==== Given data

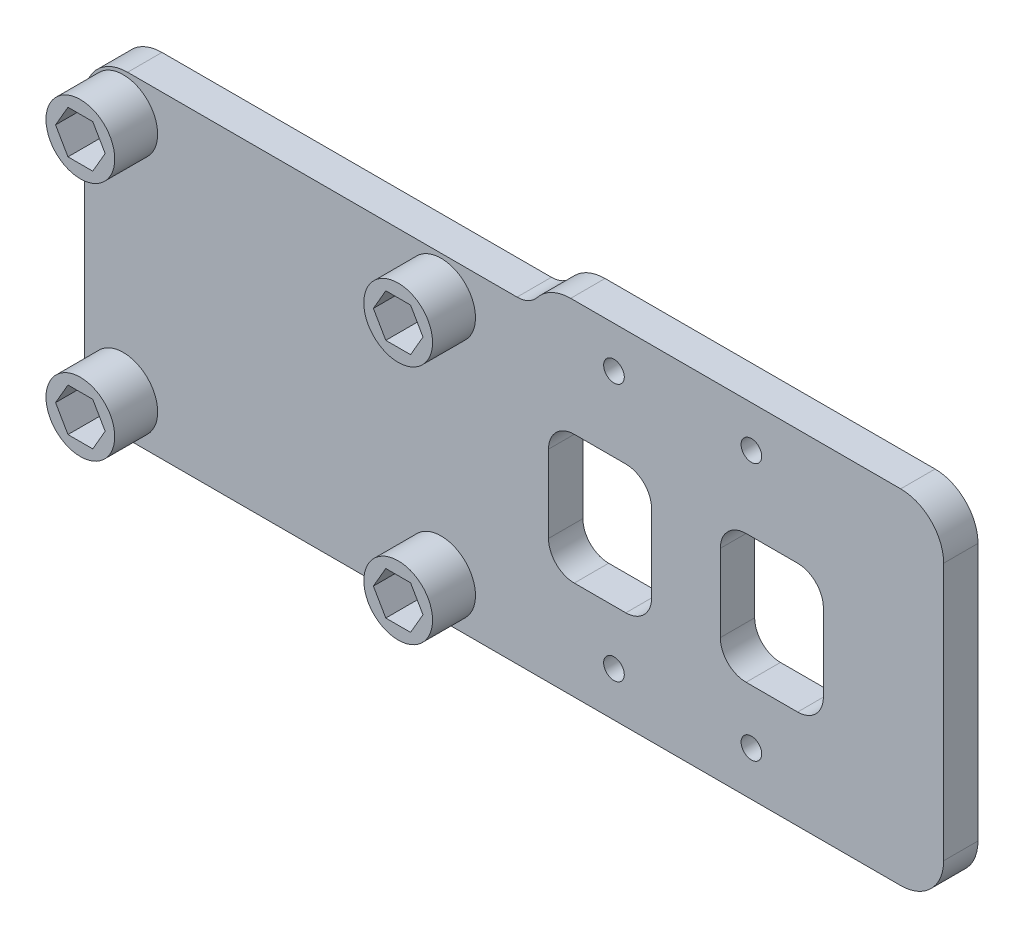
SolidWorks part; units mm, degrees
ref_plane "Front Plane" through (0, 0, 0) normal (0, 0, 1) x (1, 0, 0)
ref_plane "Top Plane" through (0, 0, 0) normal (0, 1, 0) x (1, 0, 0)
ref_plane "Right Plane" through (0, 0, 0) normal (1, 0, 0) x (0, 0, -1)
ref_plane "Plane1" through (0, 0, 34.8116) normal (0, 0, -1) x (-1, 0, 0)
sketch "Sketch1" plane through (0, 0, 34.8116) normal (0, 0, -1) x (-1, 0, 0)
  line L0 (-23.5355, 118.8347) -> (-23.5355, 78.8347)
  line L1 (-23.5355, 78.8347) -> (26.4645, 78.8347)
  line L2 (26.4645, 78.8347) -> (26.4645, 118.8347)
  line L3 (26.4645, 118.8347) -> (-23.5355, 118.8347)
extrude "Boss-Extrude1" add sketch "Sketch1" against normal blind 4
sketch "Sketch2" plane through (0, 0, 38.8116) normal (0, 0, 1) x (1, 0, 0)
  line L0 (23.5355, 90.3347) -> (23.5355, 105.3347)
  line L1 (23.5355, 105.3347) -> (15.5355, 105.3347)
  line L2 (15.5355, 105.3347) -> (15.5355, 90.3347)
  line L3 (15.5355, 90.3347) -> (23.5355, 90.3347)
  line L4 (23.5355, 118.8347) -> (23.5355, 78.8347) construction
  line L6 (15.5355, 105.3347) -> (23.5355, 90.3347) construction
  line L7 (15.5355, 90.3347) -> (23.5355, 105.3347) construction
  line L8 (23.5355, 78.8347) -> (-26.4645, 78.8347) construction
  point P6 (19.5355, 97.8347)
  dimension "D1" = 8
  dimension "D2" = 15
  dimension "D3" = 19
extrude "Cut-Extrude1" cut sketch "Sketch2" against normal through all
sketch "Sketch3" plane through (0, 0, 38.8116) normal (0, 0, 1) x (1, 0, 0)
  line L0 (7.5355, 105.3347) -> (-4.4645, 105.3347)
  line L1 (-4.4645, 105.3347) -> (-4.4645, 90.3347)
  line L2 (-4.4645, 90.3347) -> (7.5355, 90.3347)
  line L3 (7.5355, 90.3347) -> (7.5355, 105.3347)
  line L4 (23.5355, 105.3347) -> (15.5355, 105.3347) construction
  line L5 (15.5355, 90.3347) -> (23.5355, 90.3347) construction
  line L6 (15.5355, 105.3347) -> (15.5355, 90.3347) construction
  dimension "D1" = 8
  dimension "D2" = 12
extrude "Cut-Extrude2" cut sketch "Sketch3" against normal through all
hole_wizard "CBORE for M2 Pan Head Machine Screw1" positions "Sketch5" profile "Sketch4" counterbore size "M2" standard "ANSI Metric" end condition up to next
sketch "Sketch5" plane through (0, 0, 34.8116) normal (0, 0, -1) x (-1, 0, 0)
  point P0 (-3.1566, 84.0163)
  point P1 (-19.1566, 84.0163)
  point P2 (-19.1566, 114.0163)
  point P3 (-3.1566, 114.0163)
sketch "Sketch4" plane through (3.1566, 84.0163, 34.8116) normal (1, 0, 0) x (0, 1, 0)
  line L0 (0, 0) -> (0, 4)
  line L1 (0, 4) -> (1.2, 4)
  line L3 (1.2, 4) -> (1.2, 1.6)
  line L4 (1.2, 1.6) -> (2.5, 1.6)
  line L5 (2.5, 1.6) -> (2.5, 0)
  line L7 (2.5, 0) -> (0, 0)
  line L11 (0, -6.35) -> (0, 107.95) construction
  dimension "Thru Hole Dia." = 2.4
  dimension "Thru Hole Depth" = 4
  dimension "C'Bore Dia." = 5
  dimension "C'Bore Depth" = 1.6
sketch "Sketch6" plane through (0, 0, 38.8116) normal (0, 0, 1) x (1, 0, 0)
  line L0 (-26.4645, 78.8347) -> (-26.4645, 118.8347) construction
  line L1 (-11.4645, 78.8347) -> (-58.4645, 78.8347)
  line L2 (-11.4645, 78.8347) -> (-11.4645, 115.8347)
  line L3 (-11.4645, 115.8347) -> (-58.4645, 115.8347)
  line L4 (-58.4645, 78.8347) -> (-58.4645, 115.8347)
  line L7 (23.5355, 78.8347) -> (-26.4645, 78.8347) construction
  dimension "D1" = 47
  dimension "D2" = 37
  dimension "D3" = 15
extrude "Boss-Extrude2" add sketch "Sketch6" against normal up to surface (4 mm away) up to face at (0.6566, 84.0163, 34.8116)
sketch "Sketch7" plane through (0, 0, 38.8116) normal (0, 0, 1) x (1, 0, 0)
  line L0 (-53.9645, 111.3347) -> (-53.9645, 83.3347) construction
  line L1 (-58.4645, 97.3347) -> (-53.9645, 97.3347) construction
  line L2 (-58.4645, 115.8347) -> (-58.4645, 78.8347) construction
  line L4 (-11.4645, 78.8347) -> (-11.4645, 115.8347) construction
  circle A0 centre (-53.9645, 111.3347) radius 4
  circle A1 centre (-16.9645, 111.3347) radius 4
  circle A2 centre (-53.9645, 83.3347) radius 4
  circle A3 centre (-16.9645, 83.3347) radius 4
  dimension "D3" = 8
  dimension "D1" = 37
  dimension "D2" = 28
  dimension "D4" = 5.5
extrude "Boss-Extrude3" add sketch "Sketch7" along normal blind 5
hole_wizard "Ø2.7 (2.7) Diameter Hole1" positions "Sketch8" profile "Sketch9" hole size "Ø2.7" standard "ANSI Metric"
sketch "Sketch8" plane through (0, 0, 43.8116) normal (0, 0, 1) x (1, 0, 0)
  point P0 (-53.9645, 111.3347)
  point P3 (-16.9645, 111.3347)
  point P6 (-16.9645, 83.3347)
  point P9 (-53.9645, 83.3347)
sketch "Sketch9" plane through (-53.9645, 111.3347, 43.8116) normal (1, 0, 0) x (0, -1, 0)
  line L0 (0, 0) -> (0, 4.8112)
  line L1 (0, 4.8112) -> (1.35, 4)
  line L2 (1.35, 4) -> (1.35, 0)
  line L5 (1.35, 0) -> (0, 0)
  line L10 (0, 4.8112) -> (-1.35, 4) construction
  line L11 (0, -6.35) -> (0, 107.95) construction
  dimension "Hole Dia." = 2.7
  dimension "Hole Depth" = 4
  dimension "Drill Angle" = 118
sketch "Sketch10" plane through (0, 0, 43.8116) normal (0, 0, 1) x (1, 0, 0)
  line L0 (-26.4645, 115.8347) -> (-58.4645, 115.8347) construction
  line L1 (-52.5211, 113.8347) -> (-55.4078, 113.8347)
  line L2 (-55.4078, 113.8347) -> (-56.8512, 111.3347)
  line L3 (-56.8512, 111.3347) -> (-55.4078, 108.8347)
  line L4 (-55.4078, 108.8347) -> (-52.5211, 108.8347)
  line L5 (-52.5211, 108.8347) -> (-51.0777, 111.3347)
  line L6 (-51.0777, 111.3347) -> (-52.5211, 113.8347)
  line L8 (-52.5211, 85.8347) -> (-55.4078, 85.8347)
  line L9 (-55.4078, 85.8347) -> (-56.8512, 83.3347)
  line L10 (-56.8512, 83.3347) -> (-55.4078, 80.8347)
  line L11 (-55.4078, 80.8347) -> (-52.5211, 80.8347)
  line L12 (-52.5211, 80.8347) -> (-51.0777, 83.3347)
  line L13 (-51.0777, 83.3347) -> (-52.5211, 85.8347)
  line L14 (-15.5211, 113.8347) -> (-18.4078, 113.8347)
  line L15 (-18.4078, 113.8347) -> (-19.8512, 111.3347)
  line L16 (-19.8512, 111.3347) -> (-18.4078, 108.8347)
  line L17 (-18.4078, 108.8347) -> (-15.5211, 108.8347)
  line L18 (-15.5211, 108.8347) -> (-14.0777, 111.3347)
  line L19 (-14.0777, 111.3347) -> (-15.5211, 113.8347)
  line L20 (-15.5211, 85.8347) -> (-18.4078, 85.8347)
  line L21 (-18.4078, 85.8347) -> (-19.8512, 83.3347)
  line L22 (-19.8512, 83.3347) -> (-18.4078, 80.8347)
  line L23 (-18.4078, 80.8347) -> (-15.5211, 80.8347)
  line L24 (-15.5211, 80.8347) -> (-14.0777, 83.3347)
  line L25 (-14.0777, 83.3347) -> (-15.5211, 85.8347)
  circle A0 centre (-53.9645, 111.3347) radius 2.5 construction
  circle A1 centre (-53.9645, 83.3347) radius 2.5 construction
  circle A2 centre (-16.9645, 111.3347) radius 2.5 construction
  circle A3 centre (-16.9645, 83.3347) radius 2.5 construction
  dimension "D1" = 5
extrude "Cut-Extrude3" cut sketch "Sketch10" against normal blind 6.5
sketch "Sketch11" plane through (0, 0, 38.8116) normal (0, 0, 1) x (1, 0, 0)
  line L0 (23.5355, 118.8347) -> (41.5355, 118.8347)
  line L1 (41.5355, 118.8347) -> (41.5355, 78.8347)
  line L2 (41.5355, 78.8347) -> (23.5355, 78.8347)
  line L3 (23.5355, 78.8347) -> (23.5355, 90.3347)
  line L4 (23.5355, 90.3347) -> (23.5355, 78.8347) construction
  line L5 (23.5355, 90.3347) -> (27.5355, 90.3347)
  line L6 (27.5355, 90.3347) -> (27.5355, 105.3347)
  line L7 (27.5355, 105.3347) -> (23.5355, 105.3347)
  line L8 (23.5355, 105.3347) -> (23.5355, 118.8347)
  line L9 (23.5355, 78.8347) -> (-58.4645, 78.8347) construction
  line L10 (23.5355, 105.3347) -> (15.5355, 105.3347) construction
  line L11 (15.5355, 90.3347) -> (23.5355, 90.3347) construction
  line L12 (15.5355, 105.3347) -> (15.5355, 90.3347) construction
  line L13 (-58.4645, 115.8347) -> (-58.4645, 78.8347) construction
  dimension "D1" = 12
  dimension "D2" = 100
extrude "Boss-Extrude4" add sketch "Sketch11" against normal up to surface (4 mm away) up to face at (-4.4645, 101.8347, 34.8116)
sketch "Sketch12" plane through (0, 0, 38.8116) normal (0, 0, 1) x (1, 0, 0)
  line L0 (-26.4645, 115.8347) -> (-6.4645, 115.8347)
  line L1 (-6.4645, 115.8347) -> (-6.4645, 118.8347)
  line L2 (-26.4645, 118.8347) -> (41.5355, 118.8347) construction
  line L3 (-6.4645, 118.8347) -> (-26.4645, 118.8347)
  line L4 (-26.4645, 118.8347) -> (-26.4645, 115.8347)
  dimension "D1" = 20
extrude "Cut-Extrude4" cut sketch "Sketch12" against normal blind 10
sketch "Sketch13" plane through (0, 0, 34.8116) normal (0, 0, 1) x (1, 0, 0)
  line L3 (41.5355, 78.8347) -> (41.5355, 118.8347) construction
  line L4 (36.5355, 110.8347) -> (-53.4645, 110.8347) construction
  line L5 (36.5355, 110.8347) -> (36.5355, 83.8347) construction
  line L6 (36.5355, 83.8347) -> (-53.4645, 83.8347) construction
  line L7 (-53.4645, 110.8347) -> (-53.4645, 83.8347) construction
  line L8 (41.5355, 78.8347) -> (-58.4645, 78.8347) construction
  line L9 (-58.4645, 115.8347) -> (-58.4645, 78.8347) construction
  line L10 (-58.4645, 97.3347) -> (-53.4645, 97.3347) construction
  line L11 (-8.4645, 78.8347) -> (-8.4645, 83.8347) construction
  line L12 (36.5355, 110.8347) -> (-53.4645, 83.8347) construction
  line L13 (36.5355, 83.8347) -> (-53.4645, 110.8347) construction
  circle A4 centre (36.5355, 110.8347) radius 2.6
  circle A5 centre (36.5355, 83.8347) radius 2.6
  circle A6 centre (-53.4645, 110.8347) radius 2.6
  circle A7 centre (-53.4645, 83.8347) radius 2.6
  circle A8 centre (-8.4645, 97.3347) radius 2.6
  point P20 (0, 0)
  dimension "D1" = 5
  dimension "D2" = 5
  dimension "D3" = 5.2
extrude "Cut-Extrude5" cut sketch "Sketch13" along normal blind 2.2
sketch "Sketch14" plane through (0, 0, 34.8116) normal (0, 0, -1) x (-1, 0, 0)
  line L0 (-41.5355, 78.8347) -> (-41.5355, 118.8347) construction
  line L1 (-41.5355, 105.8347) -> (-31.5355, 105.8347)
  line L2 (-41.5355, 105.8347) -> (-41.5355, 115.8347) construction
  line L3 (-41.5355, 115.8347) -> (-31.5355, 115.8347)
  line L4 (-31.5355, 105.8347) -> (-31.5355, 115.8347)
  line L5 (-41.5355, 105.8347) -> (-31.5355, 115.8347) construction
  line L6 (-41.5355, 115.8347) -> (-31.5355, 105.8347) construction
  line L7 (-41.5355, 115.8347) -> (-41.5355, 118.8347)
  line L8 (6.4645, 118.8347) -> (-41.5355, 118.8347) construction
  line L9 (-41.5355, 118.8347) -> (6.4645, 118.8347)
  line L10 (6.4645, 118.8347) -> (6.4645, 115.8347)
  line L11 (6.4645, 115.8347) -> (58.4645, 115.8347)
  line L12 (58.4645, 115.8347) -> (58.4645, 78.8347)
  line L13 (58.4645, 78.8347) -> (-41.5355, 78.8347)
  line L14 (-41.5355, 78.8347) -> (-41.5355, 105.8347)
  circle A0 centre (-36.5355, 110.8347) radius 2.6 construction
  point P0 (-36.5355, 110.8347)
extrude "Cut-Extrude6" [suppressed] cut sketch "Sketch14" against normal up to next
fillet "Fillet1" radius 5 5 edges at (-58.4645, 115.8347, 36.8116) (-58.4645, 78.8347, 36.8116) (41.5355, 78.8347, 36.8116) (41.5355, 118.8347, 36.8116) (-6.4645, 118.8347, 36.8116)
fillet "Fillet2" radius 3 8 edges at (7.5355, 90.3347, 36.8116) (-4.4645, 90.3347, 36.8116) (15.5355, 90.3347, 36.8116) (27.5355, 90.3347, 36.8116) (15.5355, 105.3347, 36.8116) (7.5355, 105.3347, 36.8116) (-4.4645, 105.3347, 36.8116) (27.5355, 105.3347, 36.8116)
fillet "Fillet3" radius 3 1 edges at (-6.4645, 115.8347, 36.8116)

========

> [Action item]: Your answer must be a single number: the count of lines in the records above that contain "surface".

> [Result]: 2